YOUR OBJECTIVE
Print, exactly as written, every line from the first line of the records below through the line containing "settings Model: TunableVars=Heavy_Weight", and nothing further.

GIVEN DATA

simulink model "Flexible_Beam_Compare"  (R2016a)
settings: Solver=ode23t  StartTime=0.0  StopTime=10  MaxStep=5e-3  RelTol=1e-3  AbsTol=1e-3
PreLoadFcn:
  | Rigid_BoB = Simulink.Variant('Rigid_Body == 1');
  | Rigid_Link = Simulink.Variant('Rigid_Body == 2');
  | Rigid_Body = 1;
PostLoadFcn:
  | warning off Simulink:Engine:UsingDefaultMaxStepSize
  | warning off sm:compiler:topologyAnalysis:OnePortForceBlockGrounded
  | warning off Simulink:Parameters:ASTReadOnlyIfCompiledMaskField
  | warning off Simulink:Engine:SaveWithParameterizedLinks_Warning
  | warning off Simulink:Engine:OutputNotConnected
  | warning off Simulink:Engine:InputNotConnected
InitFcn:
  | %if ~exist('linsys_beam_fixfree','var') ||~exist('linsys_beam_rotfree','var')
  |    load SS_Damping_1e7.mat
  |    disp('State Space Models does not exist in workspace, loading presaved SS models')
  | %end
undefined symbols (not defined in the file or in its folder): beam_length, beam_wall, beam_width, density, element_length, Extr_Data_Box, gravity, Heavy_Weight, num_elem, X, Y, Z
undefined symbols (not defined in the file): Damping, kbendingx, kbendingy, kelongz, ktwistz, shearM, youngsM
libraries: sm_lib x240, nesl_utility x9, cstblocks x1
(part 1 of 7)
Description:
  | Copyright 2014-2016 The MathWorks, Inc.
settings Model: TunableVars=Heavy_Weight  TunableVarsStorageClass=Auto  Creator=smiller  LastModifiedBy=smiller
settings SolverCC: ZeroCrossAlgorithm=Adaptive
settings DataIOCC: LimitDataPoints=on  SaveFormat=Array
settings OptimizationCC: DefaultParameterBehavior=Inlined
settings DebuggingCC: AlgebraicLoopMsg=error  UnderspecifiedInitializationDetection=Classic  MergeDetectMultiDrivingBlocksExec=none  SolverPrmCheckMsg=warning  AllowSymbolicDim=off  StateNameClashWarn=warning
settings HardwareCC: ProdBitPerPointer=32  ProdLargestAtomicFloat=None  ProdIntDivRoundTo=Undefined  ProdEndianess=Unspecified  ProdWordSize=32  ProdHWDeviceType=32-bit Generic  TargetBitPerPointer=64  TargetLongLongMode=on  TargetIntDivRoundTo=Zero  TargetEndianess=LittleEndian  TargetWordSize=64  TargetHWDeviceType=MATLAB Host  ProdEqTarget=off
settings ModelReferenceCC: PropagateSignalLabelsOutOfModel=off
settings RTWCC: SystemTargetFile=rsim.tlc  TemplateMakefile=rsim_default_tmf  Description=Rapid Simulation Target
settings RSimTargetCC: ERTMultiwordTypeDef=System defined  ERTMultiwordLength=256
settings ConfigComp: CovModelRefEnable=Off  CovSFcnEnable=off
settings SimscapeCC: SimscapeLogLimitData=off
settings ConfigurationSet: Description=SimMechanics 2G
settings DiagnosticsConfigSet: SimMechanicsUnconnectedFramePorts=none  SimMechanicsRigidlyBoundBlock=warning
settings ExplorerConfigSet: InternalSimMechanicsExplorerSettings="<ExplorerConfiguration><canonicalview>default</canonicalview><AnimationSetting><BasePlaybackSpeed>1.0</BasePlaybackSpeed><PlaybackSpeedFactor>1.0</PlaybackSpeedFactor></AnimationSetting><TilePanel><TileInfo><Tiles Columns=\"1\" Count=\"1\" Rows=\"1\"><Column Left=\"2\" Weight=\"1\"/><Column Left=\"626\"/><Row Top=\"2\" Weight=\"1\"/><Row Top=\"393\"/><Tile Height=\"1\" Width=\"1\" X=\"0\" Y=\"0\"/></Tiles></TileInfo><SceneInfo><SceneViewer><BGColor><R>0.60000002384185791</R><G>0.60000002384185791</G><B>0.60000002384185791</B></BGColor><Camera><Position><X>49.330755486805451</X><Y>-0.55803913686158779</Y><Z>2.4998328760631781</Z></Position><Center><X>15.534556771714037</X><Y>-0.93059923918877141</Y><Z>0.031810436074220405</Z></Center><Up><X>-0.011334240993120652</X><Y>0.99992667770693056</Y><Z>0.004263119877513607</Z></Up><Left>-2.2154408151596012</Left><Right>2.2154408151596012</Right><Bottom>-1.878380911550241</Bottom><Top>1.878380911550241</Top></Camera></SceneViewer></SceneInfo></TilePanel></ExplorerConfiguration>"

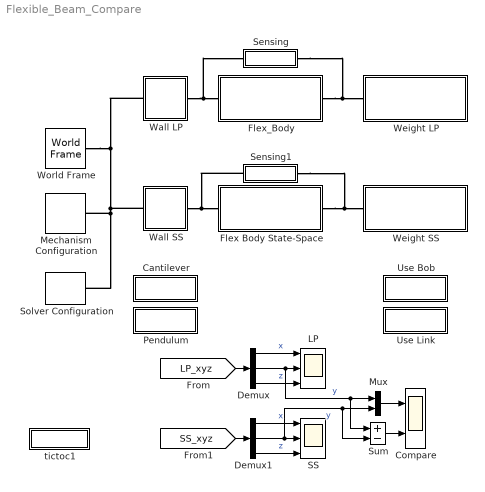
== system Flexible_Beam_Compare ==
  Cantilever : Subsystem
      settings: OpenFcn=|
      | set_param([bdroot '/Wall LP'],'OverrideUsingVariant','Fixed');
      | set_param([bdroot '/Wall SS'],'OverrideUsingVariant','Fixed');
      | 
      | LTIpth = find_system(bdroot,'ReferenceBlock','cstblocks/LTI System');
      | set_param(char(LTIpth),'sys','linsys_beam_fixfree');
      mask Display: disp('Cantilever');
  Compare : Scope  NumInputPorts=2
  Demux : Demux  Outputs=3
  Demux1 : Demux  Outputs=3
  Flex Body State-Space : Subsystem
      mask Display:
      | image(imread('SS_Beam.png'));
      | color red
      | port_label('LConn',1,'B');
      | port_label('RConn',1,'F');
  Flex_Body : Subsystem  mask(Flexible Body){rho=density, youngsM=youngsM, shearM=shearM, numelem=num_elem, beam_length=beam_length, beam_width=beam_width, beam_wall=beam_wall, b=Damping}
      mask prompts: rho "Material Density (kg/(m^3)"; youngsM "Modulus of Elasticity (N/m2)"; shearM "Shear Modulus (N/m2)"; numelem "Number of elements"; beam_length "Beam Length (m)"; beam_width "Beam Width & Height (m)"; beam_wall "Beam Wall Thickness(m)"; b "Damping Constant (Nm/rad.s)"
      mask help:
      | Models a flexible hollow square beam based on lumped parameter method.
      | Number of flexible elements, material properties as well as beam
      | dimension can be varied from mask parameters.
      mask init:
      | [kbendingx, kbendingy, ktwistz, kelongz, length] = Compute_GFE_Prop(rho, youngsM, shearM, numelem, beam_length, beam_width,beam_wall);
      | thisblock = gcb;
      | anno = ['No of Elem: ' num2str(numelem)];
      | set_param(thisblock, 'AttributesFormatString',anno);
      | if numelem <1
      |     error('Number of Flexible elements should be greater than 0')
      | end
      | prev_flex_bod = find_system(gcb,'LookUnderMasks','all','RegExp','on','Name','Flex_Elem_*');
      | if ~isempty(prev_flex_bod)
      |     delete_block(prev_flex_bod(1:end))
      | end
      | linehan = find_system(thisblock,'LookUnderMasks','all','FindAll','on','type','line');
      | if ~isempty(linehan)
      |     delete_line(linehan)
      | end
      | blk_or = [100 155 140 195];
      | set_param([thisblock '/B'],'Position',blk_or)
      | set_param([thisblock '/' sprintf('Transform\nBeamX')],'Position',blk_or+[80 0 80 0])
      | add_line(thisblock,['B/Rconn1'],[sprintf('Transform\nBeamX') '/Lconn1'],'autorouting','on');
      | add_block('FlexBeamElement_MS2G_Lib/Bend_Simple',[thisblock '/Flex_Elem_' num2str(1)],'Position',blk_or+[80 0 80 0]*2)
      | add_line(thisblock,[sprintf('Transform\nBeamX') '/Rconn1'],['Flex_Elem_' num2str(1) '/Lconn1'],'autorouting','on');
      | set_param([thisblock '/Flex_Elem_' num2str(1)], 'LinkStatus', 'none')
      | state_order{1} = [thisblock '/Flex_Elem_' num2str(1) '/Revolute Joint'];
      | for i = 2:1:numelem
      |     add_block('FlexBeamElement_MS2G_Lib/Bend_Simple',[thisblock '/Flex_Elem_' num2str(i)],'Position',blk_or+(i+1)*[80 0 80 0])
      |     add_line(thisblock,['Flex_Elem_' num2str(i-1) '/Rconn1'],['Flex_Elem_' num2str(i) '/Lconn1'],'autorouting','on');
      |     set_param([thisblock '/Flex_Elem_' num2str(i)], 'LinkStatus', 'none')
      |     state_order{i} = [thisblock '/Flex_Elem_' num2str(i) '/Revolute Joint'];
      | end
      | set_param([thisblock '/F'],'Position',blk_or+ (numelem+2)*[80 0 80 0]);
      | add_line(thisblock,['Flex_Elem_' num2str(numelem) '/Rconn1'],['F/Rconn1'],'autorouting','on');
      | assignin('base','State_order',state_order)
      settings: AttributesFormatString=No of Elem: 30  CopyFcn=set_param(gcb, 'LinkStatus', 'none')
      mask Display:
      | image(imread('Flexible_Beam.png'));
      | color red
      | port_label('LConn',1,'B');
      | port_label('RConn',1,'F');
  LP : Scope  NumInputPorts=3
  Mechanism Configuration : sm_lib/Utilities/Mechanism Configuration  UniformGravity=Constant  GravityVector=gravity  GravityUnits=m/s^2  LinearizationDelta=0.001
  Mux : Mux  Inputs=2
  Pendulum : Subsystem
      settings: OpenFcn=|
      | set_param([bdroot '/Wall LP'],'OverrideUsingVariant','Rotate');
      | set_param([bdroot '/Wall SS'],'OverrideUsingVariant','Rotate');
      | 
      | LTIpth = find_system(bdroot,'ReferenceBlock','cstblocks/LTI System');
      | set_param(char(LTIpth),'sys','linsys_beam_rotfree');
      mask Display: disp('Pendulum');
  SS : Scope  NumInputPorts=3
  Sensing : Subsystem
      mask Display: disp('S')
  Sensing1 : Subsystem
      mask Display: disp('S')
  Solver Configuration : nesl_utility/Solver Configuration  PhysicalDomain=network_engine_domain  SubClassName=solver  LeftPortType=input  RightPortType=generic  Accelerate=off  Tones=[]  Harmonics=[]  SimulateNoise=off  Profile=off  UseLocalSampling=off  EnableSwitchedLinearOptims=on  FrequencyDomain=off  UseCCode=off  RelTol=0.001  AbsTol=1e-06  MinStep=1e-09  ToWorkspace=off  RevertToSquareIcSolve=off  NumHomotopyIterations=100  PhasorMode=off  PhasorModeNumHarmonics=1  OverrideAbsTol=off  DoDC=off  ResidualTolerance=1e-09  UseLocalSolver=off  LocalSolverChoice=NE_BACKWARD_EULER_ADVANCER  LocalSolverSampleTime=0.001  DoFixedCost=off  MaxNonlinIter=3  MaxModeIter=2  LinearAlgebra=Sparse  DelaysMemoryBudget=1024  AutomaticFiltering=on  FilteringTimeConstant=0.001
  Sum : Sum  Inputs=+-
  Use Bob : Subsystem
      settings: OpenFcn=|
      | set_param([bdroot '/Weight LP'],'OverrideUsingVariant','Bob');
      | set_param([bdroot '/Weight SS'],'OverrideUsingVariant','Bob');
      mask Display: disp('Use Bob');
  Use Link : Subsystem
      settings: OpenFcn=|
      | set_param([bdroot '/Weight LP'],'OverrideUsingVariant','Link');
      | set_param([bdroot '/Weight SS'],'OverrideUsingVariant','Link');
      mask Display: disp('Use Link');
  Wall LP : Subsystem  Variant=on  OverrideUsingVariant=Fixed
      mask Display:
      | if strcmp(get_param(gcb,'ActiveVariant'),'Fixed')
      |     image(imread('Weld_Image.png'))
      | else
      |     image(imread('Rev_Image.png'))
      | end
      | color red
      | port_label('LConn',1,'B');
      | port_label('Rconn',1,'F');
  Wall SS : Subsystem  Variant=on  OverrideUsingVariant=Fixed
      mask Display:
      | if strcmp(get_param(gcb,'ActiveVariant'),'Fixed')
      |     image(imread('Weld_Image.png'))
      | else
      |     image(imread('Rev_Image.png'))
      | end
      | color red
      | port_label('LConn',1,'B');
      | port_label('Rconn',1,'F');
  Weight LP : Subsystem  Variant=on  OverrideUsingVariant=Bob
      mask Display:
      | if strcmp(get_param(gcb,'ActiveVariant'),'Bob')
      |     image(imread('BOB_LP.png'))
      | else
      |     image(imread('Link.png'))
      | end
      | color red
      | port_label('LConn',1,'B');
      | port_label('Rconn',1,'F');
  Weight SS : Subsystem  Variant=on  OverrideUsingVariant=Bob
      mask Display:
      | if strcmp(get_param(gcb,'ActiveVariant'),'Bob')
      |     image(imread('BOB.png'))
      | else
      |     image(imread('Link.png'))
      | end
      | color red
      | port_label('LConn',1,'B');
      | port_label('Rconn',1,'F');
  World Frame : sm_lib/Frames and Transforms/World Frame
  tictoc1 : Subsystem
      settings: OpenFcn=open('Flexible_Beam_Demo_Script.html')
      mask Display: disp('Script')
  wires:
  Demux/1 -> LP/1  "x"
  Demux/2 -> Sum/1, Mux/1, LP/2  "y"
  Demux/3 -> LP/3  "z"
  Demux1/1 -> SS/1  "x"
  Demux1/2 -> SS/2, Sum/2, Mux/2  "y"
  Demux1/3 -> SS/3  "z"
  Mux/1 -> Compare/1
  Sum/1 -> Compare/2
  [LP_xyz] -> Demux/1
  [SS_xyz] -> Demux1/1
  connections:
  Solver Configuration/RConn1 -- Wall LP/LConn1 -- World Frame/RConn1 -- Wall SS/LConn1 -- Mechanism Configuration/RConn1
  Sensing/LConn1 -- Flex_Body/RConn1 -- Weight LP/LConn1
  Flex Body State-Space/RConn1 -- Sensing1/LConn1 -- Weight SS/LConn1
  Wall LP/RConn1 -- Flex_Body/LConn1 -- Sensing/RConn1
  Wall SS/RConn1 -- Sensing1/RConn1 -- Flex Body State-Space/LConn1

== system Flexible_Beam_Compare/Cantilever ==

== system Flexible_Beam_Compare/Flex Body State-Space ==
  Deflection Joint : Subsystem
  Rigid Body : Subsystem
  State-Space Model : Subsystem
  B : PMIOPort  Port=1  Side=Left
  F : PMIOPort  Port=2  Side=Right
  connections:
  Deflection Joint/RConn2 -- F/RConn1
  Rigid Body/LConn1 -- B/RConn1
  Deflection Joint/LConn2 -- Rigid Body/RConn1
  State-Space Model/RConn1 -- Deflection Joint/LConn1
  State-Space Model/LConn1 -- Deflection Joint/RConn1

REPLY
simulink model "Flexible_Beam_Compare"  (R2016a)
settings: Solver=ode23t  StartTime=0.0  StopTime=10  MaxStep=5e-3  RelTol=1e-3  AbsTol=1e-3
PreLoadFcn:
  | Rigid_BoB = Simulink.Variant('Rigid_Body == 1');
  | Rigid_Link = Simulink.Variant('Rigid_Body == 2');
  | Rigid_Body = 1;
PostLoadFcn:
  | warning off Simulink:Engine:UsingDefaultMaxStepSize
  | warning off sm:compiler:topologyAnalysis:OnePortForceBlockGrounded
  | warning off Simulink:Parameters:ASTReadOnlyIfCompiledMaskField
  | warning off Simulink:Engine:SaveWithParameterizedLinks_Warning
  | warning off Simulink:Engine:OutputNotConnected
  | warning off Simulink:Engine:InputNotConnected
InitFcn:
  | %if ~exist('linsys_beam_fixfree','var') ||~exist('linsys_beam_rotfree','var')
  |    load SS_Damping_1e7.mat
  |    disp('State Space Models does not exist in workspace, loading presaved SS models')
  | %end
undefined symbols (not defined in the file or in its folder): beam_length, beam_wall, beam_width, density, element_length, Extr_Data_Box, gravity, Heavy_Weight, num_elem, X, Y, Z
undefined symbols (not defined in the file): Damping, kbendingx, kbendingy, kelongz, ktwistz, shearM, youngsM
libraries: sm_lib x240, nesl_utility x9, cstblocks x1
(part 1 of 7)
Description:
  | Copyright 2014-2016 The MathWorks, Inc.
settings Model: TunableVars=Heavy_Weight  TunableVarsStorageClass=Auto  Creator=smiller  LastModifiedBy=smiller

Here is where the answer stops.